Additionally, I agree with Justice Henderson’s writing on the issue of joinder. Under these facts, separate trials should have been granted to these defendants.
. The North Dakota Supreme Court has stated that "[I]n view of the special protection given to the home” by the Fourth Amendment to the U.S. Constitution and a similar state constitutional provision, "something additional and more objective than the facile conclusion that contraband is ordinarily kept in the home should be required to establish probable cause to search the home.... [S]uspicion, without anything more specific, does not amount to probable cause to search [a home].” State v. Mische, 448 N.W.2d 415, 422 (N.D.1989).

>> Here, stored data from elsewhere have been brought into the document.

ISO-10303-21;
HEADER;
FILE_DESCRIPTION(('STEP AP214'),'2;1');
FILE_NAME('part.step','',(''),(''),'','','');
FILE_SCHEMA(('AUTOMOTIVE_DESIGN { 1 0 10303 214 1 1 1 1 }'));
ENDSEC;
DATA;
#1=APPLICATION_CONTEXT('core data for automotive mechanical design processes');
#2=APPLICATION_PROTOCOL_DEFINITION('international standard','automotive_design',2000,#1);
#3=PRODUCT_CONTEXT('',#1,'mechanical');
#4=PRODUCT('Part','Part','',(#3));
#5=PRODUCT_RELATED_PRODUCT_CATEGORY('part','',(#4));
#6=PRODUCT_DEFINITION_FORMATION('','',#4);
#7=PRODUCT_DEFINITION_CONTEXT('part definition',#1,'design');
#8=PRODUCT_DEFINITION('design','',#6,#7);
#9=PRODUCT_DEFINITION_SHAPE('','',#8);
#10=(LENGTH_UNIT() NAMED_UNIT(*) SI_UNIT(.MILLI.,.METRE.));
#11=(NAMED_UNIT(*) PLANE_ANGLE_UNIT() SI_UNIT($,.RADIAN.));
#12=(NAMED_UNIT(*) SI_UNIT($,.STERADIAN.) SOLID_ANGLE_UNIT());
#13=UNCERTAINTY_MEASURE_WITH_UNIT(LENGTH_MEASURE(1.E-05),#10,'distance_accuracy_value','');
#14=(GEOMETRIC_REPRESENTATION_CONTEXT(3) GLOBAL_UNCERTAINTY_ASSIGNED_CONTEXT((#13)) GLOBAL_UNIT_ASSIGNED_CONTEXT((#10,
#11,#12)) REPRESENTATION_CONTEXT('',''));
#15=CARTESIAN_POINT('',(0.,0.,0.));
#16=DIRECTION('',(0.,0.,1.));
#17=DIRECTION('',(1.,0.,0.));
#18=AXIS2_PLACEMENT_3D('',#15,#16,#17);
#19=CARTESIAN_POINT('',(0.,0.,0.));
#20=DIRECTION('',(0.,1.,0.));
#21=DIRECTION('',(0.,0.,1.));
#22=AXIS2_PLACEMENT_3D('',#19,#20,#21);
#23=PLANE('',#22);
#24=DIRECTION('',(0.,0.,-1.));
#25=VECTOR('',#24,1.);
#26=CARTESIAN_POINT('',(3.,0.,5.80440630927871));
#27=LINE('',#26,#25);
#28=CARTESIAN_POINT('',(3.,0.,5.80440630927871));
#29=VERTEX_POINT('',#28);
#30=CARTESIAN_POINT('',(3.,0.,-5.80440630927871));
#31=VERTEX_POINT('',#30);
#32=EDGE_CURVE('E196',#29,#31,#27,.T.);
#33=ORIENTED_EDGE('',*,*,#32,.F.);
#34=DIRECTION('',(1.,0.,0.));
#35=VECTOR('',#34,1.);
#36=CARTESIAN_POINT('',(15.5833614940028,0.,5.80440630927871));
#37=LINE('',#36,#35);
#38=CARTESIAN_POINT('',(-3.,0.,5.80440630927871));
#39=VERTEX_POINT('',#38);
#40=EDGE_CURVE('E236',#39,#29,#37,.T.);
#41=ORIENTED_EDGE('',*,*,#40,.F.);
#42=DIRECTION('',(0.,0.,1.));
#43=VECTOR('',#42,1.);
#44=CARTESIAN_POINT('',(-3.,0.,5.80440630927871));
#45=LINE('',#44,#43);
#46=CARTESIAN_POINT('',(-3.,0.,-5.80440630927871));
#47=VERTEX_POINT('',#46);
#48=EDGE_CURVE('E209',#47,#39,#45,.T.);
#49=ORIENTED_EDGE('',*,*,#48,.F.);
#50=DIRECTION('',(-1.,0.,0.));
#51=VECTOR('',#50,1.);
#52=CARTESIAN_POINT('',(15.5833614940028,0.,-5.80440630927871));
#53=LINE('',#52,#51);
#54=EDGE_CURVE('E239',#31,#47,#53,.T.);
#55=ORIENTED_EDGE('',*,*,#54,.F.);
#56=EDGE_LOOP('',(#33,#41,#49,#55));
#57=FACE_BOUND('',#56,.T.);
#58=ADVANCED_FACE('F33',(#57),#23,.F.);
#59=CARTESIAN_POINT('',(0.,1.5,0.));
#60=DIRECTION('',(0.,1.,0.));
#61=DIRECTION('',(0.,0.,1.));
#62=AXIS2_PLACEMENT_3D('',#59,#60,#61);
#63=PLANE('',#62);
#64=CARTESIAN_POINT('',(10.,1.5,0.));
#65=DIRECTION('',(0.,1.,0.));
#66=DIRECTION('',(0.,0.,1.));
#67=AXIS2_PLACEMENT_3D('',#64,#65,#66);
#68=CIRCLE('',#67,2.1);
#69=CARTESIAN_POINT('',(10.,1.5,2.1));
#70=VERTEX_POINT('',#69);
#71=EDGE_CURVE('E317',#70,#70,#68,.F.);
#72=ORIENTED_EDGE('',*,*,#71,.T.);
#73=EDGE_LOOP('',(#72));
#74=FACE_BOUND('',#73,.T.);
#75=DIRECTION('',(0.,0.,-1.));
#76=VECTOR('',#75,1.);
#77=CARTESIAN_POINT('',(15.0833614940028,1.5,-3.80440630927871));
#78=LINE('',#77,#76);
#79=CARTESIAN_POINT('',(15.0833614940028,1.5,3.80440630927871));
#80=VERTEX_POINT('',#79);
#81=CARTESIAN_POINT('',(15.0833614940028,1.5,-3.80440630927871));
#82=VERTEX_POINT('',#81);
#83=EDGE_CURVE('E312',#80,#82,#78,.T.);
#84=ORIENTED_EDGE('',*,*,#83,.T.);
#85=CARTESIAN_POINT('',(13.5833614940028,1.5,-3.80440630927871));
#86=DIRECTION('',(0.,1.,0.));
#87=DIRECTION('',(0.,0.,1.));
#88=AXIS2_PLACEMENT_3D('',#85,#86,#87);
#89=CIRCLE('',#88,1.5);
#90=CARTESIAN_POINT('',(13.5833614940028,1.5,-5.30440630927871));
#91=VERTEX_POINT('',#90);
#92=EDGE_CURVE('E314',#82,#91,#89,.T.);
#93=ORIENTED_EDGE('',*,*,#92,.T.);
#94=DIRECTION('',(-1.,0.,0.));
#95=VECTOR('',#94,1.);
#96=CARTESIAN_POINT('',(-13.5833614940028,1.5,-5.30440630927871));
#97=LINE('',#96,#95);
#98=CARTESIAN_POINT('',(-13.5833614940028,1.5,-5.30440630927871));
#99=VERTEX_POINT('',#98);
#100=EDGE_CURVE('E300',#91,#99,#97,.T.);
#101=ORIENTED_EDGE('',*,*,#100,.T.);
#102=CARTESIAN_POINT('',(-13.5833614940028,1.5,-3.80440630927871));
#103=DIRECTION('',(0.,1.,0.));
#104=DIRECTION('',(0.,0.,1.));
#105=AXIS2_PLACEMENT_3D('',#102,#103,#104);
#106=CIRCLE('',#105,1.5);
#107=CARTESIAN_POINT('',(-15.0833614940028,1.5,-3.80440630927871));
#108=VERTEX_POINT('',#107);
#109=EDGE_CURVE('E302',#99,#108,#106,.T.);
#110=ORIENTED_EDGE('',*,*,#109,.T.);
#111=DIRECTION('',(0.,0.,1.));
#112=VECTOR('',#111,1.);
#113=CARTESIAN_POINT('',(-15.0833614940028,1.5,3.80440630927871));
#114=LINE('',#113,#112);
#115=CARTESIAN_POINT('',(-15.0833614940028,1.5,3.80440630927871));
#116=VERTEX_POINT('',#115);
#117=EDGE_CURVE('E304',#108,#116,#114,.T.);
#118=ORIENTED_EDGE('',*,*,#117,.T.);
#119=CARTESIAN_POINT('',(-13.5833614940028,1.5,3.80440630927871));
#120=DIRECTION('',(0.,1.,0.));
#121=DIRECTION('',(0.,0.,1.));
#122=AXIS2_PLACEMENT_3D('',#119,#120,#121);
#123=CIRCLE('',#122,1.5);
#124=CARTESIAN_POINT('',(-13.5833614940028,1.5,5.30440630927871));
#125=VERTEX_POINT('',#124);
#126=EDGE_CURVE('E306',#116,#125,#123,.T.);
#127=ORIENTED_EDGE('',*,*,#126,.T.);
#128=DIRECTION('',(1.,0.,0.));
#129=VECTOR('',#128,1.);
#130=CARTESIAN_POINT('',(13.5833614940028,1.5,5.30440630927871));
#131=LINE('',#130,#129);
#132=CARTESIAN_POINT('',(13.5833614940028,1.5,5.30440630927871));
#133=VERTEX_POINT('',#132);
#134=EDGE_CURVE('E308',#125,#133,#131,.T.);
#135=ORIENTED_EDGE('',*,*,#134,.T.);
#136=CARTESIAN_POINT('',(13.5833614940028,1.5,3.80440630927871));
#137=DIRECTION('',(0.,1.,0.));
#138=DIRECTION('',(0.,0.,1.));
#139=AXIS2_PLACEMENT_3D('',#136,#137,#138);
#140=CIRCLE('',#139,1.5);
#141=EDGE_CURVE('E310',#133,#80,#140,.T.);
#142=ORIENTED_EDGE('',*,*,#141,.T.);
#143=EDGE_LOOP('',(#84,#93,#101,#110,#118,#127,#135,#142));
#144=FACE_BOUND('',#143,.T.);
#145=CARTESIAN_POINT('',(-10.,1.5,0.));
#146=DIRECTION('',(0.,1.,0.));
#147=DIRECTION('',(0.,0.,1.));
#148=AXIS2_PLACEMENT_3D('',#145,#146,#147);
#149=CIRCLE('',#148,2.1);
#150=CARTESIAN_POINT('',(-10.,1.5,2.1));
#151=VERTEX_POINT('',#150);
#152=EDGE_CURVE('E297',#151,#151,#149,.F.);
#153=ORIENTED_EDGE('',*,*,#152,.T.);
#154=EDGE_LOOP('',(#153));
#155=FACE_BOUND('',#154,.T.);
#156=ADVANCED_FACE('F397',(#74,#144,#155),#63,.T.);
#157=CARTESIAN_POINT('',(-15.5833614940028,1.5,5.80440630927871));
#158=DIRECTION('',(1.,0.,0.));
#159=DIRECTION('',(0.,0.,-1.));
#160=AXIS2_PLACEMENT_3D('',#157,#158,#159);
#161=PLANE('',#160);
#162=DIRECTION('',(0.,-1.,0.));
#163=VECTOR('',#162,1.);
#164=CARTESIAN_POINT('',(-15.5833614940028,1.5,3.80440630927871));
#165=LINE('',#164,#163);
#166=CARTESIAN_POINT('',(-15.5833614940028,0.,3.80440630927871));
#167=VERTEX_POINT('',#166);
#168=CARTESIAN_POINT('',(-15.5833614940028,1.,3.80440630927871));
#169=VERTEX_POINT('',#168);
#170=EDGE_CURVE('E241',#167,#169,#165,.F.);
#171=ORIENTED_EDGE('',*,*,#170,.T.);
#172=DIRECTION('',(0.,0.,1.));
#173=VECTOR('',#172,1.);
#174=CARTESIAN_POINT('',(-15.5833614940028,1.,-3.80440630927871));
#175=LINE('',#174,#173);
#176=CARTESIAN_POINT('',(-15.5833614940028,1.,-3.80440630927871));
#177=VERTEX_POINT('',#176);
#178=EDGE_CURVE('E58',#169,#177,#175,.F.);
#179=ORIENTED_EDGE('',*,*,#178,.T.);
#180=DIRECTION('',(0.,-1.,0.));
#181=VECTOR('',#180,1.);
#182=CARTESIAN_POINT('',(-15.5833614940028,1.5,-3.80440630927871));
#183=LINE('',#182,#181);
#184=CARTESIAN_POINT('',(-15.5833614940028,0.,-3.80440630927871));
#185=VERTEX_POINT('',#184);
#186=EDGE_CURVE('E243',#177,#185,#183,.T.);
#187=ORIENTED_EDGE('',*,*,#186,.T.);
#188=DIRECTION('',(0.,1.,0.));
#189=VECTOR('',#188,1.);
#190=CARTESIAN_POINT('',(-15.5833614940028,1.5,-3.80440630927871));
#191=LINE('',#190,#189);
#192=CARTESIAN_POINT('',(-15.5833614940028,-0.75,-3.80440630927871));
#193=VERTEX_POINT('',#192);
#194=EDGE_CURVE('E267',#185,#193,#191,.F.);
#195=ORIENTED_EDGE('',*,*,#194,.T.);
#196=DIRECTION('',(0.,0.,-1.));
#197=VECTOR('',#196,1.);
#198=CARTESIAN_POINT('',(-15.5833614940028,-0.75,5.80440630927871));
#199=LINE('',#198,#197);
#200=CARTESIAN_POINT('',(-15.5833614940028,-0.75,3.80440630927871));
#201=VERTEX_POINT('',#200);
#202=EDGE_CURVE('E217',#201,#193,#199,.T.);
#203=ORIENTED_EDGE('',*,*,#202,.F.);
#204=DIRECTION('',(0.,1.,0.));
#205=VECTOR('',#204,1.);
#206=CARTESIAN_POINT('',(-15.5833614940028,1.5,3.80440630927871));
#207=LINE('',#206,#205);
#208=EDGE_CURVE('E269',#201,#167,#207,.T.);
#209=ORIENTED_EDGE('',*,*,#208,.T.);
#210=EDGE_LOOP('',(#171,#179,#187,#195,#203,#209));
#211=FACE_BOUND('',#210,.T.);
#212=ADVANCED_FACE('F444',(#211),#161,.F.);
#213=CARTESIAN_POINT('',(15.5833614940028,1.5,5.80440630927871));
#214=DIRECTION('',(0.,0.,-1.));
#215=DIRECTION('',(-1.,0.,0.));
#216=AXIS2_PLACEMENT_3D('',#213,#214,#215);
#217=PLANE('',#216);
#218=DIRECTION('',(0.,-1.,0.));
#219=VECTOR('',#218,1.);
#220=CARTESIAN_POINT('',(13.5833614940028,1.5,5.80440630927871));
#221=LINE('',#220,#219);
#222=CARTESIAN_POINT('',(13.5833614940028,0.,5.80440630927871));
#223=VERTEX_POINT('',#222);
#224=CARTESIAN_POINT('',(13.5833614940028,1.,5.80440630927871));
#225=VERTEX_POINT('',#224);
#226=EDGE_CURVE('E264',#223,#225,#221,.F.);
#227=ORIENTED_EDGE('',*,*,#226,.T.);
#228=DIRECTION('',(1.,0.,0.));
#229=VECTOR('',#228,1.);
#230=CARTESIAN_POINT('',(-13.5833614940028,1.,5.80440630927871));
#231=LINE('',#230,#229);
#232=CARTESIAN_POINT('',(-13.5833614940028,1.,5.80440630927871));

. The affidavit in Engel also contained a paragraph providing the probable cause for the wider search, apart from the controlled delivery. That paragraph stated:
The affiant, having learned from other law enforcement officers, experience in controlled mail deliveiy, believes that the residence will contain other drugs or evidence of other drugs, as well as narcotics paraphernalia, notes and papers that will help identify the sender of the package, possible evidence of other crimes and identities of other drug violators, as well as the cocaine in the above described package.
Engel, 465 N.W.2d at 789-90 (emphasis added). Such additional information or statements of the affiant were absent from the affidavit in the present case. Further, in Engel, the officers were to search for the drugs that were delivered to the residence. In the present case, there was no need to search for the drugs “delivered” to the Johnson residence, since Daiziel knew that the *689Express Mail package was in the trunk of his car. Magistrate Cody was without that knowledge.